Suggestion: short position of EUR/USD 1.01760, target point 1.01210
In terms of crude oil, the two oils showed a volatile market. WTI crude oil fluctuated around US$87 and finally closed up 0.21% at US$87.29 per barrel; Brent crude oil finally closed up 0.23% at US$92.82 per barrel.
Comment: Oil prices reversed gains after hitting a six-month low on Wednesday, rising about 1.5%, as a sharp drop in US crude inventories overshadowed concerns about rising Russian output and exports and a recession.
Suggestion: short the position of US crude oil 87.310, the target point is 85.400
The Dow closed down 0.50%, the S&P 500 closed down 0.72%, and the Nasdaq closed down 1.25%. Takeaway, lidar, and charging pile concept stocks were among the top losers, and the oil and gas sector rose against the market.
Comment: US stocks ended lower on Wednesday, with major indexes in choppy trading after minutes of the Federal Reserve's July meeting showed policymakers may not be as aggressive as previously thought in raising interest rates in September. The major indexes pared losses sharply following the release of the minutes, with the Dow briefly turning higher before returning to lows hit earlier.
Suggestion: go short at 13439.400 of the Nasdaq index, target point at 13272.400
The minutes of the Fed meeting revealed that the Fed might cut interest rate hikes, and Fed officials mentioned the risk of excessive policy tightening.
Fed officials in July argued that the pace of rate hikes would eventually need to ease at some point. They want to assess the role of policy tightening in containing inflation. Minutes from the July 26-27 Federal Open Market Committee (FOMC) monetary policy meeting stated: "With the stance of monetary policy tightening further, it is likely that a slower pace of rate hikes will be appropriate at some point in the future, while Assess the impact of cumulative policy adjustments on economic activity and inflation." Many participants said that given the changing economic environment and the long and variable lag in the impact of monetary policy on the economy, the stance of monetary policy risked tightening too much, possibly beyond what is needed to maintain price stability, the minutes said. The wording used in the minutes was similar to Powell's remarks at a post-meeting news conference in July. At the time, Powell's comments about a potential rate hike in the future ignited the stock market rally. But even so, Powell did not close the door on the possibility of another extraordinary rate hike in September, revealing that it would depend on the performance of economic data.

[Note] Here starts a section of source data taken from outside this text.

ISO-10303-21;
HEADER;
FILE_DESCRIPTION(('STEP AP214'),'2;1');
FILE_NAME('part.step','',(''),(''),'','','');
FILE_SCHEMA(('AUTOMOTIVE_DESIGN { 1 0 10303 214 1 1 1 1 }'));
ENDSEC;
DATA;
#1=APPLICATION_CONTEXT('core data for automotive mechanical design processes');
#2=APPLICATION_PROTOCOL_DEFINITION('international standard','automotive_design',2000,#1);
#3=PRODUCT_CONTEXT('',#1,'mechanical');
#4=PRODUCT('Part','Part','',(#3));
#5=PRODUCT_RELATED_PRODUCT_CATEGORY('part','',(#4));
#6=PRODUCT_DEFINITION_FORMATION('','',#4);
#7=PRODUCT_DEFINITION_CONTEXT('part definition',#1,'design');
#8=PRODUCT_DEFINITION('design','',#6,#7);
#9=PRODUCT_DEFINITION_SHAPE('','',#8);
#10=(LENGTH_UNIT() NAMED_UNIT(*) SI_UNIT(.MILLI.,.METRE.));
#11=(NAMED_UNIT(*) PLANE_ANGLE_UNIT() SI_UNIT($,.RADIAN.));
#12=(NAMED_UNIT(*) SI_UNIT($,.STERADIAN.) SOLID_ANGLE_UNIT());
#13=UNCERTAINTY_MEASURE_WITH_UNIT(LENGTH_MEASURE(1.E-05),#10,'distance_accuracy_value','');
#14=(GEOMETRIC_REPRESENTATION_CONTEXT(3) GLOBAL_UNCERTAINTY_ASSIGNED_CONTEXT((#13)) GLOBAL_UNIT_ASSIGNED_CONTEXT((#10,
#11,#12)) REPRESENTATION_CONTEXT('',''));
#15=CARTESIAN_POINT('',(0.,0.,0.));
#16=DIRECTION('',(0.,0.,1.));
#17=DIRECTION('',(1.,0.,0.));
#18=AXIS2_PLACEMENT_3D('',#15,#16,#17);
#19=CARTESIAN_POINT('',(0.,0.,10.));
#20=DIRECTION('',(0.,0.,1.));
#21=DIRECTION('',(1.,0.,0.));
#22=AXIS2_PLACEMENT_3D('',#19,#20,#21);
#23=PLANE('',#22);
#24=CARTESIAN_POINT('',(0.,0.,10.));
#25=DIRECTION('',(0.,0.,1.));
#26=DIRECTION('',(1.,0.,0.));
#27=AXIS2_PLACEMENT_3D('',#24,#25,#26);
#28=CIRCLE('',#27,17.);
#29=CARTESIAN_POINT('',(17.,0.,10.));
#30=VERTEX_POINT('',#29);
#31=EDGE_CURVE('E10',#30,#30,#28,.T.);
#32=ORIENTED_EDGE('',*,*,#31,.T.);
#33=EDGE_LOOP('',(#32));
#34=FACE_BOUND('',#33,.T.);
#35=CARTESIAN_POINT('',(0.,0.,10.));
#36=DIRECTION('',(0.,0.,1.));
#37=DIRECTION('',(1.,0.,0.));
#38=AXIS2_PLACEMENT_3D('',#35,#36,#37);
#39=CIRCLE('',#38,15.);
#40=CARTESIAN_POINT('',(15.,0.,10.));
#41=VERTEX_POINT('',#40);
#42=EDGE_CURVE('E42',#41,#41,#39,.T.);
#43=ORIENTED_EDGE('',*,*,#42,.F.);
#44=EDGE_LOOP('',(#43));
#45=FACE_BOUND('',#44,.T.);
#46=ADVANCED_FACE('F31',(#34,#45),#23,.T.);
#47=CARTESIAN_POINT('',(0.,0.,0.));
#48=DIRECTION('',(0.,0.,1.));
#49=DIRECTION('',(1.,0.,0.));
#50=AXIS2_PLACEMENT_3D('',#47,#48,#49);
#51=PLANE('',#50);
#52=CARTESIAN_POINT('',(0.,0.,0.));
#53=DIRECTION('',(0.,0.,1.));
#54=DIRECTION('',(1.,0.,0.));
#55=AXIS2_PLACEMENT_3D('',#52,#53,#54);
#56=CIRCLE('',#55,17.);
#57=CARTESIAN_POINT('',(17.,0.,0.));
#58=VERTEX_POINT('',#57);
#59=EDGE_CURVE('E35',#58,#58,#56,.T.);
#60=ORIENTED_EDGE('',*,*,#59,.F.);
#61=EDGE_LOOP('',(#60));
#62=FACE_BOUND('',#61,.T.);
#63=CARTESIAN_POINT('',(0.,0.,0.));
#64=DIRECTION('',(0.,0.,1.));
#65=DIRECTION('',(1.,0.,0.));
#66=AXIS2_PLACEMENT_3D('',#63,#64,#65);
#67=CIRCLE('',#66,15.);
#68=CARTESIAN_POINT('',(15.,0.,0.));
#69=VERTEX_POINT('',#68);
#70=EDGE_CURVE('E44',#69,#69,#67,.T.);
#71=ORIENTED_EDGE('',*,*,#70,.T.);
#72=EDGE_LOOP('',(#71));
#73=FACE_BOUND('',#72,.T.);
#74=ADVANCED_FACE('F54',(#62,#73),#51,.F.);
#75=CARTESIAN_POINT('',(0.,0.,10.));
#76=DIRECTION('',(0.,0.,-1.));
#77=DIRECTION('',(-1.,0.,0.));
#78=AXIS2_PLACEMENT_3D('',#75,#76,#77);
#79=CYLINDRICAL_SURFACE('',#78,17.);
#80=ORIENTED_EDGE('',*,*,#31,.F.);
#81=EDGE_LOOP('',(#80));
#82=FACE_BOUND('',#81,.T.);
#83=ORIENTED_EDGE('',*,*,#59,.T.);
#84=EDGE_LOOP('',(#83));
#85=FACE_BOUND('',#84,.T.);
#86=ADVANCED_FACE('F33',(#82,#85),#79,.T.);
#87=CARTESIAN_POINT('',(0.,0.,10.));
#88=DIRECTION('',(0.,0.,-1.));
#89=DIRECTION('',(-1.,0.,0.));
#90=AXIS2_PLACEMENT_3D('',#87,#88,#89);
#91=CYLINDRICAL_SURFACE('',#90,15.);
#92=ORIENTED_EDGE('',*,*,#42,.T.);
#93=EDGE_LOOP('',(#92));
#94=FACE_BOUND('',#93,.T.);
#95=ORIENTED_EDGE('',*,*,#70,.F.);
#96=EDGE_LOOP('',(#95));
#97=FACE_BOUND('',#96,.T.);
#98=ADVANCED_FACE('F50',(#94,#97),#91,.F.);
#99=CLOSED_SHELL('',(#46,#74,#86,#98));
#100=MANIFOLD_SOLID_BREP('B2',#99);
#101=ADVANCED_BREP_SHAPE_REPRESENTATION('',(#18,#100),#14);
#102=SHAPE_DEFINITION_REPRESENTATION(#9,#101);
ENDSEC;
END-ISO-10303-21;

US crude exports rise to record as Europe braces for Russian oil ban.
US crude exporters saw record exports as European refiners prepared new supply routes ahead of the region's move to ban oil imports from Russia. The US Energy Information Administration (EIA) data showed that the country exported 5 million BPD of oil overseas for the week, surpassing the highs set a month ago. The rise in exports highlights how far the world is turning to US suppliers for its energy needs. In addition to Europe's growing dependence on oil, global markets are also turning to oil to meet electricity needs.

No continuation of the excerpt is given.